Material shown Block Start
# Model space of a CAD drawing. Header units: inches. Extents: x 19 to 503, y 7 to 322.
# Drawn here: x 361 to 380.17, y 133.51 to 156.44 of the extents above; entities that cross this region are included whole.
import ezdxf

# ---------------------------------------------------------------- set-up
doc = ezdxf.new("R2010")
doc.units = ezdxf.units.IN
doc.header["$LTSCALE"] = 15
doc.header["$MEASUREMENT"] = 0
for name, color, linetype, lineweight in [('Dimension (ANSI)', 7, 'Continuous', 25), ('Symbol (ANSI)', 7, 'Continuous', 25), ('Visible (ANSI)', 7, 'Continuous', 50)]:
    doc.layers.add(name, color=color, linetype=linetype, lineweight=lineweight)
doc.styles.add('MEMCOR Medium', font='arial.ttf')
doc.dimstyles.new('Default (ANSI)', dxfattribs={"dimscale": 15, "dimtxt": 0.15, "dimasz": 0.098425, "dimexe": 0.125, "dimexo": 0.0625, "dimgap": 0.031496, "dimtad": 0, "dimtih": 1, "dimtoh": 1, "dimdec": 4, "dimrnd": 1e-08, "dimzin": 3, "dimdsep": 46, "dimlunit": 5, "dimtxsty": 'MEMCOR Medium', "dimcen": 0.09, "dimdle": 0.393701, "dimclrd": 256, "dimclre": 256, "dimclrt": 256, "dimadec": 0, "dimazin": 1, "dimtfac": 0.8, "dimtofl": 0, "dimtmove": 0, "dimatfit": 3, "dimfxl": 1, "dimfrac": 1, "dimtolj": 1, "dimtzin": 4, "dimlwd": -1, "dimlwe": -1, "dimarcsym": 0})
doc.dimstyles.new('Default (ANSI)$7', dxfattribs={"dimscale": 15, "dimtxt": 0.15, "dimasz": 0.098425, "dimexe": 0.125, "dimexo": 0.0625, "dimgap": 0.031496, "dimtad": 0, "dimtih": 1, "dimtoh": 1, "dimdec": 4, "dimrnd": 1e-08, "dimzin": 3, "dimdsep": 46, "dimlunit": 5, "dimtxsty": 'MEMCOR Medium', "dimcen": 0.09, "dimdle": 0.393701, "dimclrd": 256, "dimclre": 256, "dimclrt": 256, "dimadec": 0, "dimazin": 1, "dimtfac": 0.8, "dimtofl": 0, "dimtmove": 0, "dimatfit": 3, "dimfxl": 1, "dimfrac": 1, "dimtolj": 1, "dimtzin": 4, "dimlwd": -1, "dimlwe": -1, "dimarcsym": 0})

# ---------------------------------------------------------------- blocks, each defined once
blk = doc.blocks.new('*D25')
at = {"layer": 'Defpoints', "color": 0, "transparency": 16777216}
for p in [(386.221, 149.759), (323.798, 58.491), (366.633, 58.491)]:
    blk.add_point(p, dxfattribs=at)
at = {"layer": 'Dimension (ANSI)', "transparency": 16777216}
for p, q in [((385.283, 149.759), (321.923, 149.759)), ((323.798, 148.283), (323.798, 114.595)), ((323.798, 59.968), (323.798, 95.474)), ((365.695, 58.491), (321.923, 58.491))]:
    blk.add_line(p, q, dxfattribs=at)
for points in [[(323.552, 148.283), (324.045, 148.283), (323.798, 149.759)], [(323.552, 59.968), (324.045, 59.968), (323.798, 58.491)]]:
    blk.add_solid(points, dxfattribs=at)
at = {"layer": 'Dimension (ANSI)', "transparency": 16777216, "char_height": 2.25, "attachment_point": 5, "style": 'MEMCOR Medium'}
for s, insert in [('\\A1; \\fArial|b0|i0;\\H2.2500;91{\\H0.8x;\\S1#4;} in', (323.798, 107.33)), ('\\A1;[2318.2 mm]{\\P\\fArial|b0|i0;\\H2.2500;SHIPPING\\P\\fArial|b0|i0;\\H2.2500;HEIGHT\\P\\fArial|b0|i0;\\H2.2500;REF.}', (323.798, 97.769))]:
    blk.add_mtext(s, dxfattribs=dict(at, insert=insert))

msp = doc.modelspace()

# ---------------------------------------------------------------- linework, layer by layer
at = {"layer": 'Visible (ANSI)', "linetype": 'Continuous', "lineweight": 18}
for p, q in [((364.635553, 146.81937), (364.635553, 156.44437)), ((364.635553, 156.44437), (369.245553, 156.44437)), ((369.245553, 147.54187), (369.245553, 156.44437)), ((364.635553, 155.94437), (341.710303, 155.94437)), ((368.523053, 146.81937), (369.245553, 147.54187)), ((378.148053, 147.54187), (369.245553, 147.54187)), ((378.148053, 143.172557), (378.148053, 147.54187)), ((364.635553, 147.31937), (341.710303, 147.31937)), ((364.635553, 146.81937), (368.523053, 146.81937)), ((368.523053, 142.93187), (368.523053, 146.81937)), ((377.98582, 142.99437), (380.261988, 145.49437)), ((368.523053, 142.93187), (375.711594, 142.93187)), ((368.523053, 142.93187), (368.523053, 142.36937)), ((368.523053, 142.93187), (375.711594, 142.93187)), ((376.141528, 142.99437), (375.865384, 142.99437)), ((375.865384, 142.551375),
Material shown Block End
Your objective: Retype the data shown above so that each line matches the original.

Task response:
# Model space of a CAD drawing. Header units: inches. Extents: x 19 to 503, y 7 to 322.
# Drawn here: x 361 to 380.17, y 133.51 to 156.44 of the extents above; entities that cross this region are included whole.
import ezdxf

# ---------------------------------------------------------------- set-up
doc = ezdxf.new("R2010")
doc.units = ezdxf.units.IN
doc.header["$LTSCALE"] = 15
doc.header["$MEASUREMENT"] = 0
for name, color, linetype, lineweight in [('Dimension (ANSI)', 7, 'Continuous', 25), ('Symbol (ANSI)', 7, 'Continuous', 25), ('Visible (ANSI)', 7, 'Continuous', 50)]:
    doc.layers.add(name, color=color, linetype=linetype, lineweight=lineweight)
doc.styles.add('MEMCOR Medium', font='arial.ttf')
doc.dimstyles.new('Default (ANSI)', dxfattribs={"dimscale": 15, "dimtxt": 0.15, "dimasz": 0.098425, "dimexe": 0.125, "dimexo": 0.0625, "dimgap": 0.031496, "dimtad": 0, "dimtih": 1, "dimtoh": 1, "dimdec": 4, "dimrnd": 1e-08, "dimzin": 3, "dimdsep": 46, "dimlunit": 5, "dimtxsty": 'MEMCOR Medium', "dimcen": 0.09, "dimdle": 0.393701, "dimclrd": 256, "dimclre": 256, "dimclrt": 256, "dimadec": 0, "dimazin": 1, "dimtfac": 0.8, "dimtofl": 0, "dimtmove": 0, "dimatfit": 3, "dimfxl": 1, "dimfrac": 1, "dimtolj": 1, "dimtzin": 4, "dimlwd": -1, "dimlwe": -1, "dimarcsym": 0})
doc.dimstyles.new('Default (ANSI)$7', dxfattribs={"dimscale": 15, "dimtxt": 0.15, "dimasz": 0.098425, "dimexe": 0.125, "dimexo": 0.0625, "dimgap": 0.031496, "dimtad": 0, "dimtih": 1, "dimtoh": 1, "dimdec": 4, "dimrnd": 1e-08, "dimzin": 3, "dimdsep": 46, "dimlunit": 5, "dimtxsty": 'MEMCOR Medium', "dimcen": 0.09, "dimdle": 0.393701, "dimclrd": 256, "dimclre": 256, "dimclrt": 256, "dimadec": 0, "dimazin": 1, "dimtfac": 0.8, "dimtofl": 0, "dimtmove": 0, "dimatfit": 3, "dimfxl": 1, "dimfrac": 1, "dimtolj": 1, "dimtzin": 4, "dimlwd": -1, "dimlwe": -1, "dimarcsym": 0})

# ---------------------------------------------------------------- blocks, each defined once
blk = doc.blocks.new('*D25')
at = {"layer": 'Defpoints', "color": 0, "transparency": 16777216}
for p in [(386.221, 149.759), (323.798, 58.491), (366.633, 58.491)]:
    blk.add_point(p, dxfattribs=at)
at = {"layer": 'Dimension (ANSI)', "transparency": 16777216}
for p, q in [((385.283, 149.759), (321.923, 149.759)), ((323.798, 148.283), (323.798, 114.595)), ((323.798, 59.968), (323.798, 95.474)), ((365.695, 58.491), (321.923, 58.491))]:
    blk.add_line(p, q, dxfattribs=at)
for points in [[(323.552, 148.283), (324.045, 148.283), (323.798, 149.759)], [(323.552, 59.968), (324.045, 59.968), (323.798, 58.491)]]:
    blk.add_solid(points, dxfattribs=at)
at = {"layer": 'Dimension (ANSI)', "transparency": 16777216, "char_height": 2.25, "attachment_point": 5, "style": 'MEMCOR Medium'}
for s, insert in [('\\A1; \\fArial|b0|i0;\\H2.2500;91{\\H0.8x;\\S1#4;} in', (323.798, 107.33)), ('\\A1;[2318.2 mm]{\\P\\fArial|b0|i0;\\H2.2500;SHIPPING\\P\\fArial|b0|i0;\\H2.2500;HEIGHT\\P\\fArial|b0|i0;\\H2.2500;REF.}', (323.798, 97.769))]:
    blk.add_mtext(s, dxfattribs=dict(at, insert=insert))

msp = doc.modelspace()

# ---------------------------------------------------------------- linework, layer by layer
at = {"layer": 'Visible (ANSI)', "linetype": 'Continuous', "lineweight": 18}
for p, q in [((364.635553, 146.81937), (364.635553, 156.44437)), ((364.635553, 156.44437), (369.245553, 156.44437)), ((369.245553, 147.54187), (369.245553, 156.44437)), ((364.635553, 155.94437), (341.710303, 155.94437)), ((368.523053, 146.81937), (369.245553, 147.54187)), ((378.148053, 147.54187), (369.245553, 147.54187)), ((378.148053, 143.172557), (378.148053, 147.54187)), ((364.635553, 147.31937), (341.710303, 147.31937)), ((364.635553, 146.81937), (368.523053, 146.81937)), ((368.523053, 142.93187), (368.523053, 146.81937)), ((377.98582, 142.99437), (380.261988, 145.49437)), ((368.523053, 142.93187), (375.711594, 142.93187)), ((368.523053, 142.93187), (368.523053, 142.36937)), ((368.523053, 142.93187), (375.711594, 142.93187)), ((376.141528, 142.99437), (375.865384, 142.99437)), ((375.865384, 142.551375),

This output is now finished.